🤖 AI Summary
This study investigates why multimodal large language models (MLLMs) perform significantly worse when verifying scientific claims using chart-based evidence compared to tabular data, despite the semantic equivalence of the underlying information. Through layer-wise linear probing and attention analysis across three open-source vision-language models, the authors systematically compare how these models process identical data presented as tables versus charts. They find that while chart information is effectively encoded in intermediate layers, it fails to be adequately routed to the final prediction layers. The performance gap between tables and charts stems primarily from this routing failure rather than insufficient encoding, with distinct failure patterns emerging across different model architectures. These findings highlight a critical bottleneck in cross-modal reasoning within current MLLMs.
📝 Abstract
Multimodal LLMs are increasingly used to assist scientific peer review, where a core requirement is verifying whether claims in a paper are supported by its evidence. Prior work has shown that models perform substantially better at this task when the evidence is a table than when it is a chart of the same underlying data.
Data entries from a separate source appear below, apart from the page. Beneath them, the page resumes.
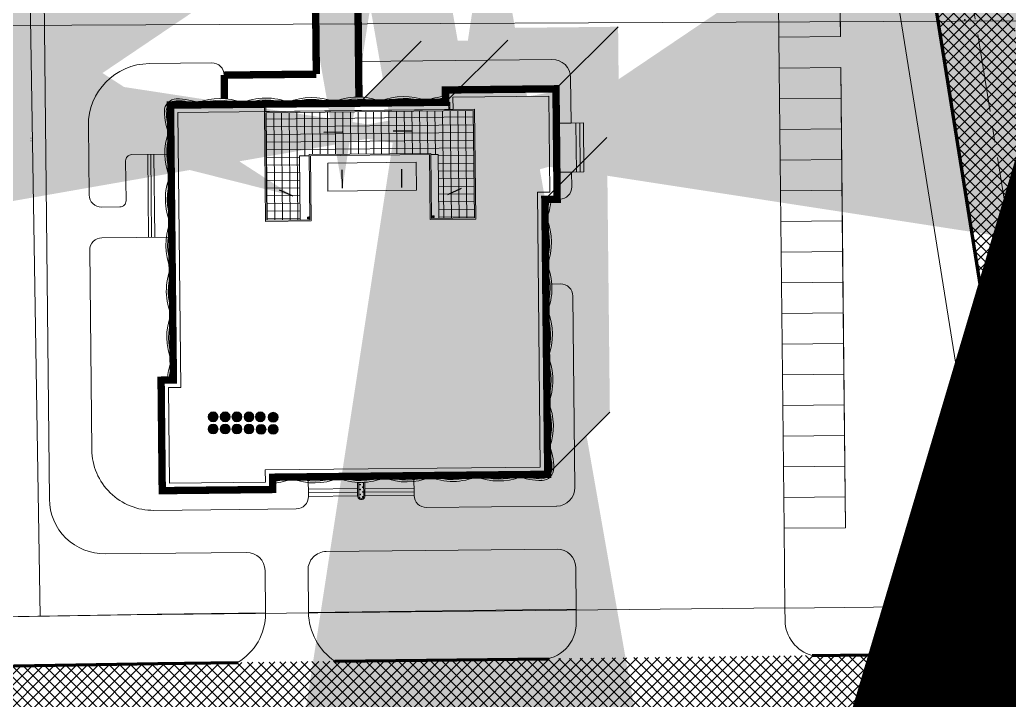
# Model space of a CAD drawing. Header units: millimetres. Extents: x 89040 to 596321, y -313033 to 2401191.
# Drawn here: x 596050.8 to 596131.4, y 1200620 to 1200675.4 of the extents above; entities that cross this region are included whole.
import ezdxf

# ---------------------------------------------------------------- set-up
doc = ezdxf.new("R2010")
doc.units = ezdxf.units.MM
doc.header["$MEASUREMENT"] = 0
doc.linetypes.add('CENTER', pattern=[50.8, 31.75, -6.35, 6.35, -6.35])
doc.layers.get('0').update_dxf_attribs({"color": 251, "lineweight": 9})
for name, color, linetype, lineweight in [('1', 8, 'Continuous', 13), ('3', 8, 'Continuous', 9), ('4 duong di', 11, 'Continuous', 9), ('BONGDO', 251, 'Continuous', 9), ('CAYXANH', 103, 'Continuous', 9), ('CONGTRINH', 7, 'Continuous', 20), ('CONGTRINH2', 30, 'Continuous', 18), ('HATCH', 8, 'Continuous', 5), ('KY HIEU', 9, 'Continuous', 9), ('LEDUONG', 6, 'Continuous', 20), ('LONGDUONG', 4, 'Continuous', 90), ('MANH', 8, 'Continuous', 9), ('NET 1', 53, 'Continuous', 15), ('NET 2', 8, 'Continuous', 9), ('tang cao', 7, 'Continuous', 5), ('TRAN', 141, 'Continuous', 9), ('truc', 8, 'CENTER', 9), ('VD', 144, 'Continuous', 5)]:
    doc.layers.add(name, color=color, linetype=linetype, lineweight=lineweight)
doc.layers.add('DUONG NOI BO CONG TRINH', color=7, linetype='Continuous', lineweight=20, true_color=0x5e5e5e)
doc.layers.add('NOI-SUY-5', color=5, linetype='Continuous')
doc.styles.add('THAO', font='VHELVCN.TTF')
doc.styles.add('VN', font='VHELVCN.TTF')
doc.dimstyles.new('HOA75', dxfattribs={"dimscale": 0, "dimtxt": 450, "dimasz": 120, "dimexe": 150, "dimexo": 0, "dimgap": 50, "dimtad": 1, "dimdec": 0, "dimrnd": 0.001, "dimzin": 13, "dimdsep": 46, "dimtxsty": 'VN', "dimblk": 'TICKA', "dimcen": 0.09, "dimclrd": 9, "dimclre": 9, "dimclrt": 7, "dimadec": 0, "dimazin": 0, "dimtfac": 1, "dimtdec": 0, "dimtix": 1, "dimtmove": 2, "dimatfit": 3, "dimldrblk": 'PL1', "dimfxl": 1, "dimtolj": 1, "dimtzin": 13, "dimarcsym": 0})
doc.dimstyles.new('SK100-M', dxfattribs={"dimscale": 100, "dimtxt": 3.6, "dimasz": 1.5, "dimexe": 3, "dimexo": 2, "dimgap": 0.5, "dimtad": 1, "dimdec": 0, "dimtxsty": 'THAO', "dimblk": 'ARCHTICK', "dimcen": 0.091, "dimdle": 3, "dimclrd": 256, "dimclre": 256, "dimclrt": 9, "dimadec": 0, "dimazin": 0, "dimtfac": 1, "dimtdec": 0, "dimtmove": 2, "dimatfit": 3, "dimfxl": 55, "dimfxlon": 1, "dimlwe": -1, "dimarcsym": 0})

# ---------------------------------------------------------------- blocks, each defined once
blk = doc.blocks.new('_ARCHTICK')
at = {"color": 0, "linetype": 'ByBlock', "const_width": 0.15}
blk.add_lwpolyline([(-0.5, -0.5), (0.5, 0.5)], dxfattribs=at)
blk = doc.blocks.new('A$C1DBB6D49')
at = {"layer": 'VD', "linetype": 'ByBlock'}
for p, q in [((0, 150), (150, 0)), ((150, 150), (0, 0))]:
    blk.add_line(p, q, dxfattribs=at)
blk.add_lwpolyline([(0, 0), (150, 0), (150, 150), (0, 150)], close=True, dxfattribs=at)
blk.add_circle((75, 75), 70, dxfattribs=at)
blk = doc.blocks.new('PL')
at = {"layer": '1', "ltscale": 100}
blk.add_line((4.0299, 0), (-6.6714, 0), dxfattribs=at)
at = {"layer": '1', "ltscale": 100, "const_width": 1.6}
blk.add_lwpolyline([(0, 0), (-2.5668, -8.5083)], dxfattribs=at)
blk = doc.blocks.new('PL1')
at = {"layer": '4 duong di', "ltscale": 100, "xscale": 0.25, "yscale": 0.25, "zscale": 0.25}
blk.add_blockref('PL', (0, 0), dxfattribs=at)
blk = doc.blocks.new('TICKA')
at = {"color": 0}
for p, q in [((0, 2.5), (0, -2.5)), ((-2.5, 0), (2.5, 0))]:
    blk.add_line(p, q, dxfattribs=at)
at = {"color": 0, "const_width": 0.5}
blk.add_lwpolyline([(-0.70711, -0.70711), (0.70711, 0.70711)], dxfattribs=at)
at = {"color": 0, "const_width": 0.25}
for points in [[(0.58211, 0.70711, 1), (0.83211, 0.70711, 1)], [(-0.83211, -0.70711, 1), (-0.58211, -0.70711, 1)]]:
    blk.add_lwpolyline(points, format="xyb", close=True, dxfattribs=at)

msp = doc.modelspace()

# ---------------------------------------------------------------- hatches: boundary and pattern name
at = {"layer": 'BONGDO'}
h = msp.add_hatch(dxfattribs=at)
h.set_pattern_fill('ANSI35', color=256, style=0)
h.set_pattern_definition([(45, (594650.35277, 1198136.11867), (-0.176776695, 0.176776695), []), (45, (594650.52954, 1198136.11867), (-0.176776695, 0.176776695), [0.3125, -0.0625, 0, -0.0625])])
h.paths.add_polyline_path([(596093.829, 1200638.386), (596098.887, 1200643.444), (596098.652, 1200665.843), (596099.652, 1200665.853), (596099.558, 1200674.853), (596090.558, 1200674.758), (596090.569, 1200673.758), (596083.519, 1200673.685), (596078.462, 1200668.627), (596085.511, 1200668.701), (596085.681, 1200669.703), (596094.5, 1200669.795), (596094.594, 1200660.895), (596093.594, 1200660.885)])
at = {"layer": 'DUONG NOI BO CONG TRINH'}
h = msp.add_hatch(dxfattribs=at)
h.set_pattern_fill('NET', color=256, scale=5, angle=45, style=0)
h.set_pattern_definition([(45, (594650.35277, 1198136.11867), (-0.44194174, 0.44194174), []), (135, (594650.35277, 1198136.11867), (-0.44194174, -0.44194174), [])])
h.paths.add_polyline_path([(596125.636, 1200623.821), (596145, 1200623.984), (596142.653, 1200625.111), (596141.555, 1200625.888), (596140.542, 1200626.912), (596139.37, 1200628.827), (596138.811, 1200630.746), (596138.46, 1200632.946), (596137.839, 1200636.845), (596125.251, 1200716.459), (596125.539, 1200718.587), (596127.119, 1200721.597), (596128.518, 1200722.909), (596129.963, 1200723.752), (596133.108, 1200724.458), (596135.009, 1200724.492), (596138.054, 1200724.547), (596137.946, 1200730.546), (596133.54, 1200730.466), (596129.898, 1200730.401), (596127.934, 1200730.61), (596125.845, 1200731.42), (596124.617, 1200732.268), (596122.898, 1200734.278), (596121.854, 1200737.141), (596121.487, 1200739.445), (596110.664, 1200807.35), (596110.222, 1200810.757), (596110.488, 1200812.802), (596111.107, 1200814.413), (596111.99, 1200815.772), (596113.474, 1200817.195), (596115.296, 1200818.202), (596117.762, 1200818.743), (596096.844, 1200817.536), (596099.878, 1200816.56), (596101.163, 1200815.716), (596102.462, 1200814.395), (596103.625, 1200812.328), (596104.048, 1200810.742), (596104.763, 1200806.254), (596113.894, 1200748.961), (596115.441, 1200739.26), (596115.403, 1200736.523), (596114.787, 1200734.612), (596112.482, 1200731.71), (596109.181, 1200730.171), (596106.202, 1200729.976), (596101.371, 1200729.892), (596004.234, 1200728.144), (595999.946, 1200728.067), (595997.79, 1200728.169), (595996.363, 1200728.729), (595995.115, 1200729.759), (595994.54, 1200730.567), (595994.052, 1200731.749), (595993.938, 1200733.809), (595991.47, 1200717.762), (595992.073, 1200719.487), (595993.122, 1200720.768), (595995.007, 1200721.801), (595997.234, 1200722.021), (595998.32, 1200722.045), (596004.052, 1200722.171), (596105.567, 1200723.92), (596108.982, 1200723.978), (596113.06, 1200723.754), (596116.201, 1200722.128), (596118.078, 1200719.824), (596119.058, 1200716.565), (596123.76, 1200687.063), (596132.032, 1200635.157), (596132.476, 1200631.737), (596132.121, 1200629.378), (596131.596, 1200628.089), (596130.593, 1200626.581), (596129.602, 1200625.594), (596128.396, 1200624.763), (596126.758, 1200624.069)])
h = msp.add_hatch(dxfattribs=at)
h.set_pattern_fill('NET', color=256, scale=5, angle=45, style=0)
h.set_pattern_definition([(45, (27179.217, -3.7959), (-0.44194173824, 0.44194173824), []), (135, (27179.217, -3.7959), (-0.44194173824, -0.44194173824), [])])
h.paths.add_polyline_path([(595998.656, 1200617.011), (596052.618, 1200617.66, -1.001506), (596052.642, 1200615.66), (595998.68, 1200615.011, -1.001506)], flags=16)
h.paths.add_polyline_path([(596078.616, 1200618.011), (596120.713, 1200618.581, -1), (596120.74, 1200616.581), (596078.643, 1200616.011, -1)], flags=16)
h.paths.add_polyline_path([(596146.925, 1200618.935), (596194.751, 1200619.582, -1), (596194.778, 1200617.582), (596146.952, 1200616.935, -1)], flags=16)
edge = h.paths.add_edge_path()
edge.add_line((595975.366, 1200621.615), (595814.219, 1200619.436))
edge.add_line((595814.219, 1200619.436), (595814.219, 1200614.44))
edge.add_line((595814.219, 1200614.44), (595970.654, 1200616.632))
edge.add_arc((595970.669, 1200615.632), 1, -89.2251, 90.83071, ccw=False)
edge.add_line((595970.683, 1200614.632), (595814.219, 1200612.44))
edge.add_line((595814.219, 1200612.44), (595814.219, 1200607.435))
edge.add_line((595814.219, 1200607.435), (595974.19, 1200609.598))
edge.add_arc((595974.285, 1200602.599), 7, 0, 90.7749, ccw=False)
edge.add_line((595981.285, 1200602.599), (595981.285, 1200568.116))
edge.add_line((595981.285, 1200568.116), (595987.285, 1200568.116))
edge.add_line((595987.285, 1200568.116), (595987.285, 1200602.869))
edge.add_arc((595994.285, 1200602.869), 7, 90.7749, 180, ccw=False)
edge.add_line((595994.19, 1200609.869), (596214.85, 1200612.853))
edge.add_arc((596214.958, 1200604.854), 8, 0.7749, 90.7749, ccw=False)
edge.add_line((596222.957, 1200604.962), (596223.122, 1200592.784))
edge.add_line((596223.122, 1200592.784), (596232.209, 1200584.085))
edge.add_line((596232.209, 1200584.085), (596230.713, 1200568.116))
edge.add_line((596230.713, 1200568.116), (596235.734, 1200568.116))
edge.add_line((596235.734, 1200568.116), (596236.802, 1200579.51))
edge.add_arc((596237.798, 1200579.417), 1, -5.35326, 174.64674, ccw=False)
edge.add_line((596238.793, 1200579.323), (596237.743, 1200568.116))
edge.add_line((596237.743, 1200568.116), (596242.765, 1200568.116))
edge.add_line((596242.765, 1200568.116), (596246.715, 1200610.264))
edge.add_line((596246.715, 1200610.264), (596249.386, 1200635.205))
edge.add_arc((596209.613, 1200639.465), 40, 353.8867, 369.97261)
edge.add_line((596249.009, 1200646.392), (596246.001, 1200663.499))
edge.add_line((596246.001, 1200663.499), (596243.075, 1200681.546))
edge.add_line((596243.075, 1200681.546), (596240.952, 1200693.979))
edge.add_line((596240.952, 1200693.979), (596234.861, 1200727.436))
edge.add_line((596234.861, 1200727.436), (596233.108, 1200738.302))
edge.add_line((596233.108, 1200738.302), (596228.044, 1200738.302))
edge.add_line((596228.044, 1200738.302), (596229.933, 1200726.59))
edge.add_line((596229.933, 1200726.59), (596240.651, 1200667.717))
edge.add_arc((596239.627, 1200667.759), 1.025, 202.99818, 357.63741, ccw=False)
edge.add_line((596238.684, 1200667.359), (596227.962, 1200726.252))
edge.add_line((596227.962, 1200726.252), (596226.018, 1200738.302))
edge.add_line((596226.018, 1200738.302), (596220.953, 1200738.302))
edge.add_line((596220.953, 1200738.302), (596223.034, 1200725.406))
edge.add_line((596223.034, 1200725.406), (596234.527, 1200662.272))
edge.add_line((596234.527, 1200662.272), (596222.347, 1200650.092))
edge.add_line((596222.347, 1200650.092), (596222.578, 1200632.96))
edge.add_arc((596214.579, 1200632.851), 8, -89.2251, 0.7749, ccw=False)
edge.add_line((596214.687, 1200624.852), (596214.35, 1200624.848))
edge.add_arc((596214.269, 1200630.847), 6, 180.7749, 270.7749, ccw=False)
edge.add_line((596208.269, 1200630.766), (596207.34, 1200699.451))
edge.add_line((596207.34, 1200699.451), (596201.599, 1200738.302))
edge.add_line((596201.599, 1200738.302), (596196.544, 1200738.302))
edge.add_line((596196.544, 1200738.302), (596202.248, 1200699.71))
edge.add_arc((596192.355, 1200698.248), 10, 0.7749, 8.40676, ccw=False)
edge.add_line((596202.354, 1200698.383), (596203.243, 1200632.698))
edge.add_arc((596195.244, 1200632.59), 8, -89.39342, 0.7749, ccw=False)
edge.add_line((596195.328, 1200624.59), (596062.072, 1200622.984))
edge.add_line((596062.072, 1200622.984), (595993.4, 1200621.859))
edge.add_arc((595993.285, 1200627.858), 6, 180, 271.10139, ccw=False)
edge.add_line((595987.285, 1200627.858), (595987.285, 1200690.09))
edge.add_arc((595993.285, 1200690.09), 6, 171.2562, 180, ccw=False)
edge.add_line((595987.354, 1200691.002), (595994.629, 1200738.302))
edge.add_line((595994.629, 1200738.302), (595988.559, 1200738.302))
edge.add_line((595988.559, 1200738.302), (595981.354, 1200691.461))
edge.add_arc((595987.285, 1200690.549), 6, 171.2562, 180)
edge.add_line((595981.285, 1200690.549), (595981.285, 1200627.615))
edge.add_arc((595975.285, 1200627.615), 6, 270.7749, 360, ccw=False)
at = {"layer": 'HATCH', "linetype": 'ByBlock'}
h = msp.add_hatch(dxfattribs=at)
h.set_pattern_fill('NET', color=256, scale=5, angle=90.6, style=0)
h.set_pattern_definition([(90.6, (596087.8461, 1200660.6248), (-0.624966, -0.006545), []), (180.6, (596087.8461, 1200660.6248), (0.006545, -0.624966), [])])
h.paths.add_polyline_path([(596087.769, 1200668.024), (596070.87, 1200667.847), (596070.961, 1200659.098), (596073.661, 1200659.126), (596073.607, 1200664.326), (596074.407, 1200664.334), (596074.405, 1200664.434), (596084.305, 1200664.538), (596084.306, 1200664.438), (596084.906, 1200664.444), (596084.96, 1200659.245), (596087.86, 1200659.275)])
at = {"layer": 'MANH'}
h = msp.add_hatch(dxfattribs=at)
h.set_pattern_fill('CROSS', color=256, scale=0.8, angle=90.6, style=0)
h.set_pattern_definition([(90.6, (597273.80756, 1201002.23175), (-0.20208339, 0.197894676), [0.1, -0.3]), (180.6, (597273.85704, 1201002.28227), (-0.197894677, -0.20208339), [0.1, -0.3])])
edge = h.paths.add_edge_path()
edge.add_ellipse((596078.584, 1200642.726), major_axis=(3.536, 3.536), ratio=1, start_angle=223.29996, end_angle=227.88484)
edge.add_line((596078.835, 1200637.732), (596078.847, 1200636.629))
edge.add_ellipse((596078.647, 1200636.627), major_axis=(0.141, 0.141), ratio=1, start_angle=135.6, end_angle=315.6, ccw=False)
edge.add_line((596078.447, 1200636.625), (596078.435, 1200637.728))
at = {"layer": 'tang cao'}
h = msp.add_hatch(color=256, dxfattribs=at)
edge = h.paths.add_edge_path()
edge.add_arc((596066.585, 1200643.07), 0.399, 0, 360)
h = msp.add_hatch(color=256, dxfattribs=at)
edge = h.paths.add_edge_path()
edge.add_arc((596067.565, 1200643.07), 0.399, 0, 360)
h = msp.add_hatch(color=256, dxfattribs=at)
edge = h.paths.add_edge_path()
edge.add_arc((596068.519, 1200643.07), 0.399, 0, 360)
h = msp.add_hatch(color=256, dxfattribs=at)
edge = h.paths.add_edge_path()
edge.add_arc((596069.499, 1200643.07), 0.399, 0, 360)
h = msp.add_hatch(color=256, dxfattribs=at)
edge = h.paths.add_edge_path()
edge.add_arc((596070.434, 1200643.07), 0.399, 0, 360)
h = msp.add_hatch(color=256, dxfattribs=at)
edge = h.paths.add_edge_path()
edge.add_arc((596071.472, 1200643.04), 0.399, 0, 360)
h = msp.add_hatch(color=256, dxfattribs=at)
edge = h.paths.add_edge_path()
edge.add_arc((596066.585, 1200642.075), 0.399, 0, 360)
h = msp.add_hatch(color=256, dxfattribs=at)
edge = h.paths.add_edge_path()
edge.add_arc((596067.565, 1200642.075), 0.399, 0, 360)
h = msp.add_hatch(color=256, dxfattribs=at)
edge = h.paths.add_edge_path()
edge.add_arc((596068.519, 1200642.075), 0.399, 0, 360)
h = msp.add_hatch(color=256, dxfattribs=at)
edge = h.paths.add_edge_path()
edge.add_arc((596069.499, 1200642.075), 0.399, 0, 360)
h = msp.add_hatch(color=256, dxfattribs=at)
edge = h.paths.add_edge_path()
edge.add_arc((596070.491, 1200642.045), 0.399, 0, 360)
h = msp.add_hatch(color=256, dxfattribs=at)
edge = h.paths.add_edge_path()
edge.add_arc((596071.472, 1200642.045), 0.399, 0, 360)

# ---------------------------------------------------------------- linework, layer by layer
at = {"layer": '1', "color": 3}
for p, q in [((596112.657, 1200673.992), (596117.657, 1200674.045)), ((596067.487, 1200670.912), (596067.507, 1200668.992)), ((596112.684, 1200671.492), (596117.683, 1200671.544)), ((596094.595, 1200660.796), (596094.795, 1200660.798))]:
    msp.add_line(p, q, dxfattribs=at)
at = {"layer": '3'}
for p, q in [((596112.71, 1200668.992), (596117.71, 1200669.044)), ((596112.736, 1200666.491), (596117.736, 1200666.544)), ((596061.325, 1200657.697), (596061.255, 1200664.447)), ((596061.575, 1200657.7), (596061.505, 1200664.449)), ((596061.825, 1200657.702), (596061.755, 1200664.452)), ((596112.762, 1200663.991), (596117.762, 1200664.043)), ((596112.788, 1200661.491), (596117.788, 1200661.543)), ((596112.815, 1200658.99), (596117.814, 1200659.043)), ((596112.841, 1200656.49), (596117.84, 1200656.542)), ((596112.867, 1200653.99), (596117.867, 1200654.042)), ((596112.893, 1200651.489), (596117.893, 1200651.542)), ((596112.919, 1200648.989), (596117.919, 1200649.041)), ((596112.946, 1200646.489), (596117.945, 1200646.541)), ((596112.972, 1200643.988), (596117.971, 1200644.041)), ((596112.998, 1200641.488), (596117.998, 1200641.54)), ((596113.024, 1200638.988), (596118.024, 1200639.04)), ((596113.05, 1200636.487), (596118.05, 1200636.54))]:
    msp.add_line(p, q, dxfattribs=at)
at = {"layer": 'BONGDO'}
for p, q in [((596094.5, 1200669.795), (596099.558, 1200674.853)), ((596078.462, 1200668.627), (596083.519, 1200673.685)), ((596085.511, 1200668.701), (596090.569, 1200673.758)), ((596093.595, 1200660.785), (596098.652, 1200665.843)), ((596093.829, 1200638.386), (596098.887, 1200643.444))]:
    msp.add_line(p, q, dxfattribs=at)
at = {"layer": 'CAYXANH'}
for p, q in [((596051.762, 1200665.769), (596051.748, 1200665.768)), ((596051.766, 1200665.549), (596051.752, 1200665.548))]:
    msp.add_line(p, q, dxfattribs=at)
at = {"layer": 'CONGTRINH'}
msp.add_line((596067.487, 1200670.912), (596074.987, 1200670.991), dxfattribs=at)
at = {"layer": 'CONGTRINH', "const_width": 0.6}
for points in [[(596074.915, 1200677.89), (596074.987, 1200670.991)], [(596078.457, 1200669.118), (596078.364, 1200677.926)], [(596074.987, 1200670.991), (596067.487, 1200670.912)], [(596067.487, 1200670.912), (596067.507, 1200668.992)], [(596063.113, 1200668.466), (596063.347, 1200646.067), (596062.347, 1200646.057), (596062.441, 1200637.057), (596071.441, 1200637.152), (596071.431, 1200638.152), (596093.829, 1200638.386), (596093.595, 1200660.785), (596094.595, 1200660.796), (596094.5, 1200669.795), (596085.501, 1200669.701), (596085.511, 1200668.701), (596063.113, 1200668.466)]]:
    msp.add_lwpolyline(points, dxfattribs=at)
at = {"layer": 'CONGTRINH2'}
msp.add_lwpolyline([(596063.719, 1200667.873), (596063.953, 1200645.474), (596062.954, 1200645.463), (596063.035, 1200637.664), (596070.835, 1200637.745), (596070.824, 1200638.745), (596093.223, 1200638.98), (596092.988, 1200661.379), (596093.988, 1200661.389), (596093.907, 1200669.189), (596086.107, 1200669.107), (596086.118, 1200668.107)], close=True, dxfattribs=at)
at = {"layer": 'HATCH'}
msp.add_line((596094.594, 1200660.895), (596094.794, 1200660.898), dxfattribs=at)
for points in [[(596117.657, 1200674.045), (596117.448, 1200694.047), (596112.448, 1200693.995), (596112.657, 1200673.992)], [(596118.076, 1200634.039), (596117.683, 1200671.544), (596112.684, 1200671.492), (596113.076, 1200633.987)]]:
    msp.add_lwpolyline(points, close=True, dxfattribs=at)
at = {"layer": 'LEDUONG'}
for p, q in [((596050.986, 1200719.994), (596052.507, 1200626.826)), ((596053.248, 1200636.361), (596052.444, 1200713.157)), ((596117.657, 1200674.045), (596117.448, 1200694.047)), ((596112.657, 1200673.992), (596117.657, 1200674.045)), ((596112.684, 1200671.492), (596112.657, 1200673.992)), ((596066.477, 1200671.902), (596061.377, 1200671.848)), ((596094.175, 1200672.192), (596078.426, 1200672.027)), ((596112.684, 1200671.492), (596117.683, 1200671.544)), ((596117.841, 1200656.533), (596117.683, 1200671.544)), ((596095.73, 1200667.008), (596095.691, 1200670.708)), ((596094.53, 1200666.995), (596095.73, 1200667.008)), ((596096.73, 1200667.018), (596095.73, 1200667.008)), ((596094.572, 1200662.996), (596095.772, 1200663.008)), ((596096.772, 1200663.019), (596095.772, 1200663.008)), ((596095.784, 1200661.808), (596095.772, 1200663.008)), ((596063.225, 1200657.717), (596057.526, 1200657.657)), ((596056.536, 1200656.647), (596056.706, 1200640.398)), ((596117.867, 1200654.034), (596117.841, 1200656.533)), ((596093.667, 1200653.885), (596094.867, 1200653.898)), ((596118.076, 1200634.039), (596117.867, 1200654.034)), ((596096.041, 1200637.309), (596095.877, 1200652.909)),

This raises the question of whether models fail to extract information from charts, or do they extract it but fail to use it when forming their prediction? We study this question through layer-wise linear probing and attention analysis on three open-weight VLMs over table and chart evidence, representing the same underlying data. We find consistent evidence for the latter. Chart information is encoded in the models' intermediate representations but does not reach the prediction position, a gap that is absent for tables and holds across all conditions tested. Attention analysis further reveals that this disconnect takes two architecturally distinct forms across model families. These findings reframe the table-chart gap as a failure of how encoded visual information is routed at prediction time, rather than a failure of encoding itself.